26. POLICY VIOLATIONS
Violations of this Policy may result in:
- Warning;
- Suspension;
- Termination;
- Financial penalties;
- Legal proceedings;
- Criminal prosecution.
27. GRIEVANCE AND SECURITY CONTACT
Information Security Officer
Name: Mr. Divyanshu Kumar
Address: CC Road, Tamkuhi Road, Kushinagar, Uttar Pradesh, 274406
Email: security@prosper.in
Alternate Email: legal@prosper.in
Phone: +91 9918784000
Working Hours: Monday to Saturday, 10:00 AM – 6:00 PM
28. POLICY REVIEW
This Policy shall be reviewed:
- Annually;
- Following security incidents;
- Upon regulatory changes;
- Upon implementation of new technologies.
29. GOVERNING LAW AND JURISDICTION
This Policy shall be governed by the laws of India.
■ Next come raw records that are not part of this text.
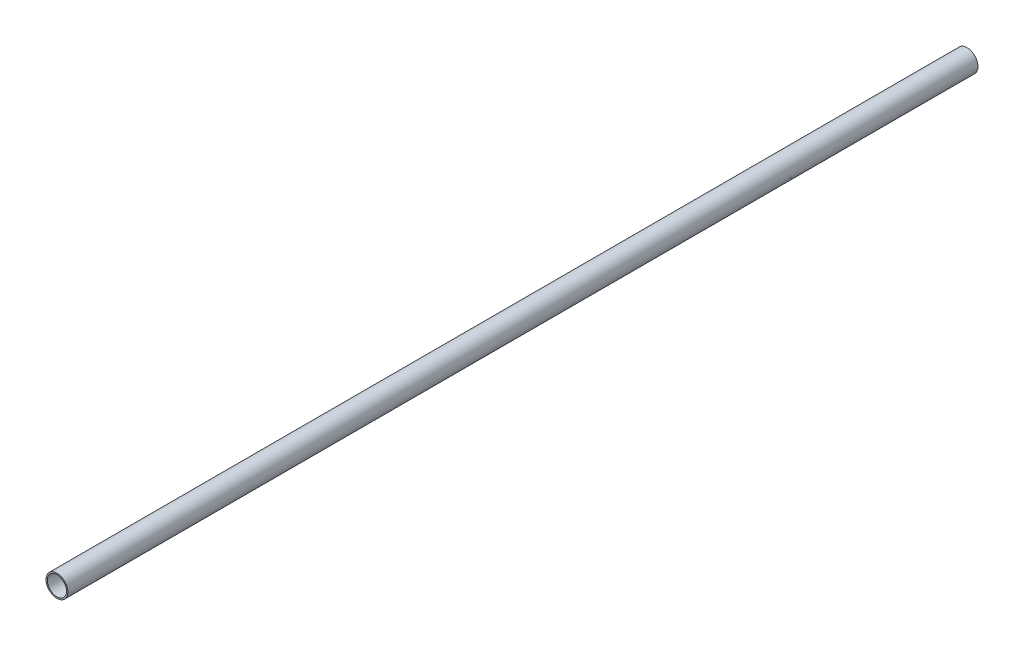
ISO-10303-21;
HEADER;
FILE_DESCRIPTION(('STEP AP214'),'2;1');
FILE_NAME('part.step','',(''),(''),'','','');
FILE_SCHEMA(('AUTOMOTIVE_DESIGN { 1 0 10303 214 1 1 1 1 }'));
ENDSEC;
DATA;
#1=APPLICATION_CONTEXT('core data for automotive mechanical design processes');
#2=APPLICATION_PROTOCOL_DEFINITION('international standard','automotive_design',2000,#1);
#3=PRODUCT_CONTEXT('',#1,'mechanical');
#4=PRODUCT('Part','Part','',(#3));
#5=PRODUCT_RELATED_PRODUCT_CATEGORY('part','',(#4));
#6=PRODUCT_DEFINITION_FORMATION('','',#4);
#7=PRODUCT_DEFINITION_CONTEXT('part definition',#1,'design');
#8=PRODUCT_DEFINITION('design','',#6,#7);
#9=PRODUCT_DEFINITION_SHAPE('','',#8);
#10=(LENGTH_UNIT() NAMED_UNIT(*) SI_UNIT(.MILLI.,.METRE.));
#11=(NAMED_UNIT(*) PLANE_ANGLE_UNIT() SI_UNIT($,.RADIAN.));
#12=(NAMED_UNIT(*) SI_UNIT($,.STERADIAN.) SOLID_ANGLE_UNIT());
#13=UNCERTAINTY_MEASURE_WITH_UNIT(LENGTH_MEASURE(1.E-05),#10,'distance_accuracy_value','');
#14=(GEOMETRIC_REPRESENTATION_CONTEXT(3) GLOBAL_UNCERTAINTY_ASSIGNED_CONTEXT((#13)) GLOBAL_UNIT_ASSIGNED_CONTEXT((#10,
#11,#12)) REPRESENTATION_CONTEXT('',''));
#15=CARTESIAN_POINT('',(0.,0.,0.));
#16=DIRECTION('',(0.,0.,1.));
#17=DIRECTION('',(1.,0.,0.));
#18=AXIS2_PLACEMENT_3D('',#15,#16,#17);
#19=CARTESIAN_POINT('',(0.,719.,-3240.));
#20=DIRECTION('',(0.,0.,1.));
#21=DIRECTION('',(1.,0.,0.));
#22=AXIS2_PLACEMENT_3D('',#19,#20,#21);
#23=CYLINDRICAL_SURFACE('',#22,12.5);
#24=CARTESIAN_POINT('',(0.,719.,-2180.));
#25=DIRECTION('',(0.,0.,1.));
#26=DIRECTION('',(1.,0.,0.));
#27=AXIS2_PLACEMENT_3D('',#24,#25,#26);
#28=CIRCLE('',#27,12.5);
#29=CARTESIAN_POINT('',(12.5,719.,-2180.));
#30=VERTEX_POINT('',#29);
#31=EDGE_CURVE('E48',#30,#30,#28,.T.);
#32=ORIENTED_EDGE('',*,*,#31,.F.);
#33=EDGE_LOOP('',(#32));
#34=FACE_BOUND('',#33,.T.);
#35=CARTESIAN_POINT('',(0.,719.,-3220.));
#36=DIRECTION('',(0.,0.,-1.));
#37=DIRECTION('',(-1.,0.,0.));
#38=AXIS2_PLACEMENT_3D('',#35,#36,#37);
#39=CIRCLE('',#38,12.5);
#40=CARTESIAN_POINT('',(-12.5,719.,-3220.));
#41=VERTEX_POINT('',#40);
#42=EDGE_CURVE('E50',#41,#41,#39,.T.);
#43=ORIENTED_EDGE('',*,*,#42,.F.);
#44=EDGE_LOOP('',(#43));
#45=FACE_BOUND('',#44,.T.);
#46=ADVANCED_FACE('F37',(#34,#45),#23,.T.);
#47=CARTESIAN_POINT('',(-15.5,1960.,-3220.));
#48=DIRECTION('',(0.,0.,-1.));
#49=DIRECTION('',(-1.,0.,0.));
#50=AXIS2_PLACEMENT_3D('',#47,#48,#49);
#51=PLANE('',#50);
#52=CARTESIAN_POINT('',(0.,719.,-3220.));
#53=DIRECTION('',(0.,0.,-1.));
#54=DIRECTION('',(-1.,0.,0.));
#55=AXIS2_PLACEMENT_3D('',#52,#53,#54);
#56=CIRCLE('',#55,11.);
#57=CARTESIAN_POINT('',(-11.,719.,-3220.));
#58=VERTEX_POINT('',#57);
#59=EDGE_CURVE('E41',#58,#58,#56,.T.);
#60=ORIENTED_EDGE('',*,*,#59,.F.);
#61=EDGE_LOOP('',(#60));
#62=FACE_BOUND('',#61,.T.);
#63=ORIENTED_EDGE('',*,*,#42,.T.);
#64=EDGE_LOOP('',(#63));
#65=FACE_BOUND('',#64,.T.);
#66=ADVANCED_FACE('F60',(#62,#65),#51,.T.);
#67=CARTESIAN_POINT('',(-15.5,0.,-2180.));
#68=DIRECTION('',(0.,0.,1.));
#69=DIRECTION('',(1.,0.,0.));
#70=AXIS2_PLACEMENT_3D('',#67,#68,#69);
#71=PLANE('',#70);
#72=CARTESIAN_POINT('',(0.,719.,-2180.));
#73=DIRECTION('',(0.,0.,1.));
#74=DIRECTION('',(1.,0.,0.));
#75=AXIS2_PLACEMENT_3D('',#72,#73,#74);
#76=CIRCLE('',#75,11.);
#77=CARTESIAN_POINT('',(11.,719.,-2180.));
#78=VERTEX_POINT('',#77);
#79=EDGE_CURVE('E10',#78,#78,#76,.T.);
#80=ORIENTED_EDGE('',*,*,#79,.F.);
#81=EDGE_LOOP('',(#80));
#82=FACE_BOUND('',#81,.T.);
#83=ORIENTED_EDGE('',*,*,#31,.T.);
#84=EDGE_LOOP('',(#83));
#85=FACE_BOUND('',#84,.T.);
#86=ADVANCED_FACE('F56',(#82,#85),#71,.T.);
#87=CARTESIAN_POINT('',(0.,719.,-3240.));
#88=DIRECTION('',(0.,0.,1.));
#89=DIRECTION('',(1.,0.,0.));
#90=AXIS2_PLACEMENT_3D('',#87,#88,#89);
#91=CYLINDRICAL_SURFACE('',#90,11.);
#92=ORIENTED_EDGE('',*,*,#59,.T.);
#93=EDGE_LOOP('',(#92));
#94=FACE_BOUND('',#93,.T.);
#95=ORIENTED_EDGE('',*,*,#79,.T.);
#96=EDGE_LOOP('',(#95));
#97=FACE_BOUND('',#96,.T.);
#98=ADVANCED_FACE('F39',(#94,#97),#91,.F.);
#99=CLOSED_SHELL('',(#46,#66,#86,#98));
#100=MANIFOLD_SOLID_BREP('B2',#99);
#101=ADVANCED_BREP_SHAPE_REPRESENTATION('',(#18,#100),#14);
#102=SHAPE_DEFINITION_REPRESENTATION(#9,#101);
ENDSEC;
END-ISO-10303-21;

Any dispute arising under this Policy shall be subject to the exclusive jurisdiction of the competent courts situated at Lucknow, Uttar Pradesh.
30. EFFECTIVE DATE
This Policy shall become effective on 01 July 2026 and shall remain valid until amended, replaced, or withdrawn.
31. DECLARATION
This Information Security Policy has been approved by the management of PROSPER PROFESSIONAL DEVELOPMENT LIFE PRIVATE LIMITED and shall be binding upon all employees, agents, distributors, merchants, service providers, and business partners associated with PROSPER.
FOR AND ON BEHALF OF
PROSPER PROFESSIONAL DEVELOPMENT LIFE PRIVATE LIMITED
Registered Office:
CC Road, Tamkuhi Road, Kushinagar, Uttar Pradesh, 274406
Email: legal@prosper.in
Phone: +91 9918784000
Website: www.prosper.in
"PROSPER – Securing Financial Inclusion Through Trust, Technology, and Compliance."